One thing I noticed is that on GCP if you create a a2-ultragpu (Nvidia a100 80gb) and you select a spot instance, the price estimate goes down to $0.33 hourly ($240/m) which sounds really good if it's not a mistake. I was wondering if you could then turn a single A100 into 7 GPUs using Multi-instance GPUs. So on an 80gb one you get 7 10GB GPUs (can't have 8 due to yield issues on those cards). I'm pretty sure that will run much slower than on the full instance, but not 7x slower so if you're running a larger service at scale this could be an option to parallelize things. If someone is able to get that running please let me know how it performs.
The next thing I considered was just buying up a ton of 3060 12gb cards (saw a few new ones for $330) and just hosting a server from my house. This might be a good option if you don't care about speed but care about throughput.
RTX 3090s are also decent in terms of price per iteration of Stable Diffusion. If you want to build a fast service like Dreamstudio I think it's the only option to be able to do it at a reasonable price. If you want to host these in the cloud using consumer RTX cards, you'll have to go with less reputable hosts since Nvidia doesn't allow it. I don't want to name any since I can't vouch for them, but there are some if you search. The cheapest option will be to buy them and host it yourself.
I'm still researching what the best price/performance is for hosting this so if you have any findings please share.
I'm experimenting with your Discord bot right now. It would be great to have a command that shows where your processes are currently in the queue or maybe the discord bot can update on queue position.
BTW thanks for putting this bot together! I've been playing with it. Very comparable results to Midjourney, no surprise. Would love the ability to do variations and upscaling, but I know that's very GPU resource intensive and you're doing this out of your own pocket (how are you affording this? How much is it costing?)
Right now it‘s $0,65 per hour, for an AWS g4dn.xlarge instance which features an NVIDIA T4.
I‘m not really affording this, to be honest — I’m looking forward to switch to a Spot instance tomorrow, which could bring costs down to about $0,20 per hour, but even then I will have to switch it off in a couple of days.
I‘m working on a significant speed improvement — if that works out, and users get a result in under 1 minute if they are first in line, then maybe it‘s possible to make the bot finance itself through a credits system.
I assume all the code is open source on github if I'd like to run this myself on my own expense? Maybe an installation / configuration guide if there isn't already one would be helpful.

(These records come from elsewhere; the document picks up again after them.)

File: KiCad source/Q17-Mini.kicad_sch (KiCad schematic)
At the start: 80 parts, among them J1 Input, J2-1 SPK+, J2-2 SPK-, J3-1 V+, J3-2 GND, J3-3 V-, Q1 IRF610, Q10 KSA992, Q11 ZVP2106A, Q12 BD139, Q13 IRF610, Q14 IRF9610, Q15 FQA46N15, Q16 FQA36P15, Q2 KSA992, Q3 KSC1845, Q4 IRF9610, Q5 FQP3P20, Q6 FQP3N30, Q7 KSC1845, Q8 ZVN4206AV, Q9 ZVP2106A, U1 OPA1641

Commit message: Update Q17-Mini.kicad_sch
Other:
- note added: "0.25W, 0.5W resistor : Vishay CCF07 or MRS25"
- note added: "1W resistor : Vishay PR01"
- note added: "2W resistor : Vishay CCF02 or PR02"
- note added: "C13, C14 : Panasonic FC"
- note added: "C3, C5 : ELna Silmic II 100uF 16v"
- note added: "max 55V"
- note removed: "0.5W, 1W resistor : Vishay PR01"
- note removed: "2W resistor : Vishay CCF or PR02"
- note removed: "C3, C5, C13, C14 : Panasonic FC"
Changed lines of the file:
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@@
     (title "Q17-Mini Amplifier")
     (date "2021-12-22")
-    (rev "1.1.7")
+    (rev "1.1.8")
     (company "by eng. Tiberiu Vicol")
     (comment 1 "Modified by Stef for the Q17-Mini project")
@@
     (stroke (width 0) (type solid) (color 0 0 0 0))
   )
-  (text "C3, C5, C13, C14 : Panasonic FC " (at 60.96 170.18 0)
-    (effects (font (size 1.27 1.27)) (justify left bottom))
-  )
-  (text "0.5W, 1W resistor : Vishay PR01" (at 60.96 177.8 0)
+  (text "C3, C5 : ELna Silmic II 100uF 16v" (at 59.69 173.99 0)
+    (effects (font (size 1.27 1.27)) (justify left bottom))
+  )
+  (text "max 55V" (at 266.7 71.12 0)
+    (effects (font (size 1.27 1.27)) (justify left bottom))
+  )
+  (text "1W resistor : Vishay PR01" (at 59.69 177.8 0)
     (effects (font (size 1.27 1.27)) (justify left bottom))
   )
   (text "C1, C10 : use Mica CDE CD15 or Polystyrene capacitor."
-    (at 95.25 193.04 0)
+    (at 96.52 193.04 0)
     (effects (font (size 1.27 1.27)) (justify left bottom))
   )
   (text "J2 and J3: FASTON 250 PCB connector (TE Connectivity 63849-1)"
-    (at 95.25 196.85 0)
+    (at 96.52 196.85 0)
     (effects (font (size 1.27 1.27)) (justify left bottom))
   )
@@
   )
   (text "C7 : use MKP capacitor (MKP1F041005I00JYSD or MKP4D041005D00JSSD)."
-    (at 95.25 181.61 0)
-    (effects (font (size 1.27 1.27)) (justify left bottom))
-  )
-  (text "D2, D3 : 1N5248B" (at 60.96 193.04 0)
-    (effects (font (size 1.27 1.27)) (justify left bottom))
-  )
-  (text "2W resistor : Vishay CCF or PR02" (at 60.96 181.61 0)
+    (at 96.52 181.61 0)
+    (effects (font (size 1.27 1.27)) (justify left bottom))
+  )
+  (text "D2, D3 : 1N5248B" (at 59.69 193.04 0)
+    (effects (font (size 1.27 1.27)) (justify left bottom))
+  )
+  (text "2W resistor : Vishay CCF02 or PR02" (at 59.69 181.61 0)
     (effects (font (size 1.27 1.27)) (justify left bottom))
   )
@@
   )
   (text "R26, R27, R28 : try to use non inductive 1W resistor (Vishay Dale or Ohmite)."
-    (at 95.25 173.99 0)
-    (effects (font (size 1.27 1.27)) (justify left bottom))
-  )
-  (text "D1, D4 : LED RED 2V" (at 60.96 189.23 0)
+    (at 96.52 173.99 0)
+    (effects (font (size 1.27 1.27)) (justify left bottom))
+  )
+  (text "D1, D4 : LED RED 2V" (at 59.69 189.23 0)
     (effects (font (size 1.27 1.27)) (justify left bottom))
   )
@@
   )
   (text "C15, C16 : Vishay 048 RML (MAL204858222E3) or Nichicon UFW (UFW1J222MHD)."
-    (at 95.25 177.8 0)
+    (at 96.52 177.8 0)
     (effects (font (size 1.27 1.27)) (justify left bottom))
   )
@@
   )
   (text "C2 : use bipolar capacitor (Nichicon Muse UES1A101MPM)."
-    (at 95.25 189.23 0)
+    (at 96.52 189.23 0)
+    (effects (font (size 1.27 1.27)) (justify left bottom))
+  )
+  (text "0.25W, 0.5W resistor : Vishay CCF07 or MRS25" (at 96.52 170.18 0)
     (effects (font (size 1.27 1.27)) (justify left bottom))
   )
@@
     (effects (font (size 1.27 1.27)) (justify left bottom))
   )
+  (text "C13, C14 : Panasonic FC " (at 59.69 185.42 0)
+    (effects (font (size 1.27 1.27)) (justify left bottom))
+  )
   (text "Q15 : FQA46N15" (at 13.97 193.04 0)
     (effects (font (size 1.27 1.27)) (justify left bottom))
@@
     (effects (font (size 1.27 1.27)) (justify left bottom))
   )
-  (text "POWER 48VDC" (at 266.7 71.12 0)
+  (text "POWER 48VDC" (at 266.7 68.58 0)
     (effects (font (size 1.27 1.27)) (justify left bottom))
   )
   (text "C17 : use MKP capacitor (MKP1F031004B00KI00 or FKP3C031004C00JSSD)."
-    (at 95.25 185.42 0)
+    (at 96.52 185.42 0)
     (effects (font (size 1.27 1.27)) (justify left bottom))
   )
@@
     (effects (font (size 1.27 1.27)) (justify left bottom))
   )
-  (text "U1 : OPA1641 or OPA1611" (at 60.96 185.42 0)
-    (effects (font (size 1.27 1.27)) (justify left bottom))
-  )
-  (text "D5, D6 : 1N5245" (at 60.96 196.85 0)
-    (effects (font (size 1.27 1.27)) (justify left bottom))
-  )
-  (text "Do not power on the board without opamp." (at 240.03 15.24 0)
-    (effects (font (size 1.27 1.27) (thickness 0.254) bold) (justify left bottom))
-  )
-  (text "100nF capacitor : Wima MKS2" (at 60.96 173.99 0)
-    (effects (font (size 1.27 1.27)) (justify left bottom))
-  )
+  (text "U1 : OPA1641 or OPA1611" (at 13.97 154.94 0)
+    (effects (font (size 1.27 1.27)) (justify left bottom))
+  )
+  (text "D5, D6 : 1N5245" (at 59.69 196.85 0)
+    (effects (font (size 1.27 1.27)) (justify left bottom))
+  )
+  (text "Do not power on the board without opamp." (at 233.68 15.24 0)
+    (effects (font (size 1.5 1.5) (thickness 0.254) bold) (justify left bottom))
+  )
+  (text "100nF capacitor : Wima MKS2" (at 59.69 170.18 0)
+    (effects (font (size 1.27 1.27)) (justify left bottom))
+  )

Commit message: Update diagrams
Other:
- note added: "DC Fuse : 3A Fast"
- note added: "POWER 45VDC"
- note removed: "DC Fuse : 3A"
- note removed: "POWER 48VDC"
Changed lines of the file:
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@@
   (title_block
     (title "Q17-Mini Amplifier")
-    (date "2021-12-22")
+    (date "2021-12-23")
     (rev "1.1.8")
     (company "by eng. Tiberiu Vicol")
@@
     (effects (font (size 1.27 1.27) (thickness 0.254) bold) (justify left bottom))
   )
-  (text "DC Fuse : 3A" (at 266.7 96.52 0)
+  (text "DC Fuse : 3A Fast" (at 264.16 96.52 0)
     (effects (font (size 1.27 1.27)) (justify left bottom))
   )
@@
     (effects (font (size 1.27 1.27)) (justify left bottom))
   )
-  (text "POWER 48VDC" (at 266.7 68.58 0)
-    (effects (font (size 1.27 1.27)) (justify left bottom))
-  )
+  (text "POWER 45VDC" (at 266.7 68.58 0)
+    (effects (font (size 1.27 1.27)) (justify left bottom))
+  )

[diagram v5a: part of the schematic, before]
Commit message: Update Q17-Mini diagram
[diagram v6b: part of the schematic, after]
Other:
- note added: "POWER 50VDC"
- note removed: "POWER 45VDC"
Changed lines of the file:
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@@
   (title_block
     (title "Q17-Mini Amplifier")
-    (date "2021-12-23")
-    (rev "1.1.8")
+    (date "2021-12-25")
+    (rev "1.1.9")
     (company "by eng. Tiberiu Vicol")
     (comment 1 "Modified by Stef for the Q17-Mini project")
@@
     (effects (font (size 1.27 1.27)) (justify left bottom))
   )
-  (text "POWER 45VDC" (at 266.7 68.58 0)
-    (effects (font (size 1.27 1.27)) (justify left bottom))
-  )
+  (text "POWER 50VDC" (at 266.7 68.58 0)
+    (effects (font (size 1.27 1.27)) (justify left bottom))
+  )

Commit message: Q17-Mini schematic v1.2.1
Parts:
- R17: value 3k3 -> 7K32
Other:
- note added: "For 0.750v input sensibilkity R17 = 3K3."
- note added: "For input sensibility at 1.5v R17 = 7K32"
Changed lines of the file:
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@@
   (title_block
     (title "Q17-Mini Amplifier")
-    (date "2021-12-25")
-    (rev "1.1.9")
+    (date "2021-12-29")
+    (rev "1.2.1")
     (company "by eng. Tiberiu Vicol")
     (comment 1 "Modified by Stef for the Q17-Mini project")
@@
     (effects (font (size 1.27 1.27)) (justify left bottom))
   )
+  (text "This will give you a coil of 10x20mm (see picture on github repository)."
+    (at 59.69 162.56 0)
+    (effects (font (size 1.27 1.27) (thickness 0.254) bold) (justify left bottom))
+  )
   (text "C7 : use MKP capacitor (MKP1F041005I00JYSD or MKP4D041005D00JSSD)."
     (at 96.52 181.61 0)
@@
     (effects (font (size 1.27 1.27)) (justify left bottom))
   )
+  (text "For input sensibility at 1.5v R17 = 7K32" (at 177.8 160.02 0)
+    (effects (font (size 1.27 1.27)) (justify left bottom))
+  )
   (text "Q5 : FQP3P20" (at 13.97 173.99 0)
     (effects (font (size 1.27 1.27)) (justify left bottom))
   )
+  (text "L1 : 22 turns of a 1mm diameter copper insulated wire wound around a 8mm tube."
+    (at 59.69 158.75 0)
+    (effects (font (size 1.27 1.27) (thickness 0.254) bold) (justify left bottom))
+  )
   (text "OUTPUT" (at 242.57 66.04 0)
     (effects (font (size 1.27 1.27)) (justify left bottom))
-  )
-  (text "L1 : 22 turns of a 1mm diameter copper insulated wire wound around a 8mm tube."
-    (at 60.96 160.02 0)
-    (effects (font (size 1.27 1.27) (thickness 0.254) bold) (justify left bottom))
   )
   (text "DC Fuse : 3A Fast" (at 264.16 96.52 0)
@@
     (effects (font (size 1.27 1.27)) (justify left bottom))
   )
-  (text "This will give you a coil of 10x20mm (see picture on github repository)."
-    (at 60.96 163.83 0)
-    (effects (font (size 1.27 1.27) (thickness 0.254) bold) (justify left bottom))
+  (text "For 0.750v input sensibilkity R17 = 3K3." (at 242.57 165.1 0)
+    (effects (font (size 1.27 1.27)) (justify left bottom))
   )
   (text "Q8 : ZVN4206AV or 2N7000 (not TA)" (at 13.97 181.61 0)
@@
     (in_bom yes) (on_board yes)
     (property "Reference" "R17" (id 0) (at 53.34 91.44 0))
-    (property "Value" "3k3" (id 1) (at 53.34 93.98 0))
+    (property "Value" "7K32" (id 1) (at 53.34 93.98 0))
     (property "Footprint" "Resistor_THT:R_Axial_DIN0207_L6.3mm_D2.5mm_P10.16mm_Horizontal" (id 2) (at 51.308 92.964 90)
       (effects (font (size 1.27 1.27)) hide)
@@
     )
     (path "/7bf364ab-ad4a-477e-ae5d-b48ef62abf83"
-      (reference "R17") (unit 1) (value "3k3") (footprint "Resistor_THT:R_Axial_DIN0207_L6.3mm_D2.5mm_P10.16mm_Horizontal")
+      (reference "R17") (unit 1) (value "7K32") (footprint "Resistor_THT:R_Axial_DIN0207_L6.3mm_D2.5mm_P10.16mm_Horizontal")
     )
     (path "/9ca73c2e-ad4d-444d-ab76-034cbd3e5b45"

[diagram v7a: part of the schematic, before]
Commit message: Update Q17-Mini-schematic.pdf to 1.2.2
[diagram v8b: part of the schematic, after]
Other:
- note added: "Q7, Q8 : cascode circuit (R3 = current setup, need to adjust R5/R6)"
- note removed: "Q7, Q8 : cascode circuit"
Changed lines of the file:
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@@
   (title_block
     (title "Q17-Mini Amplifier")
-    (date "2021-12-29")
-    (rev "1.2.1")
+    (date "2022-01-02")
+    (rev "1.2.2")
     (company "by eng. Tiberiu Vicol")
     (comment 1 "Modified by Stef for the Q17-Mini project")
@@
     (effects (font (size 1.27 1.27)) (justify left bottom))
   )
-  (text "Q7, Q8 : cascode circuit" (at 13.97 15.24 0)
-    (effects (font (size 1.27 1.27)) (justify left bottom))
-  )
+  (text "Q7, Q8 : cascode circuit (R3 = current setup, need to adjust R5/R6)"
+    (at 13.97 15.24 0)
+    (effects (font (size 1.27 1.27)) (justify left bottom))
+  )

I submitted 2 /draw requests with prompts, got quoted a time 15-30 min for first one and then 17-34 for 2nd, submitted about 5 minutes apart but it's been now past the upper limit of the quoted time without any results. I'm assuming that the image generation has failed or perhaps the bot got stuck. Having some way of knowing would be helpful.
Just got one of the images back. Looks like you might want to double your time estimates. Also I got a Rick Roll meme image back as one of the results. I assume this is some sort of failure mode response?
You can invite the bot to your server via https://discord.com/api/oauth2/authorize?client_id=101337304...
Talk to it using the /draw Slash Command.
It's very much a quick weekend hack, so no guarantees whatsoever. Not sure how long I can afford the AWS g4dn instance, so get it while it's hot.
Oh and get your prompt ideas from https://lexica.art if you want good results.
PS: Anyone knows where to host reliable NVIDIA-equipped VMs at a reasonable price?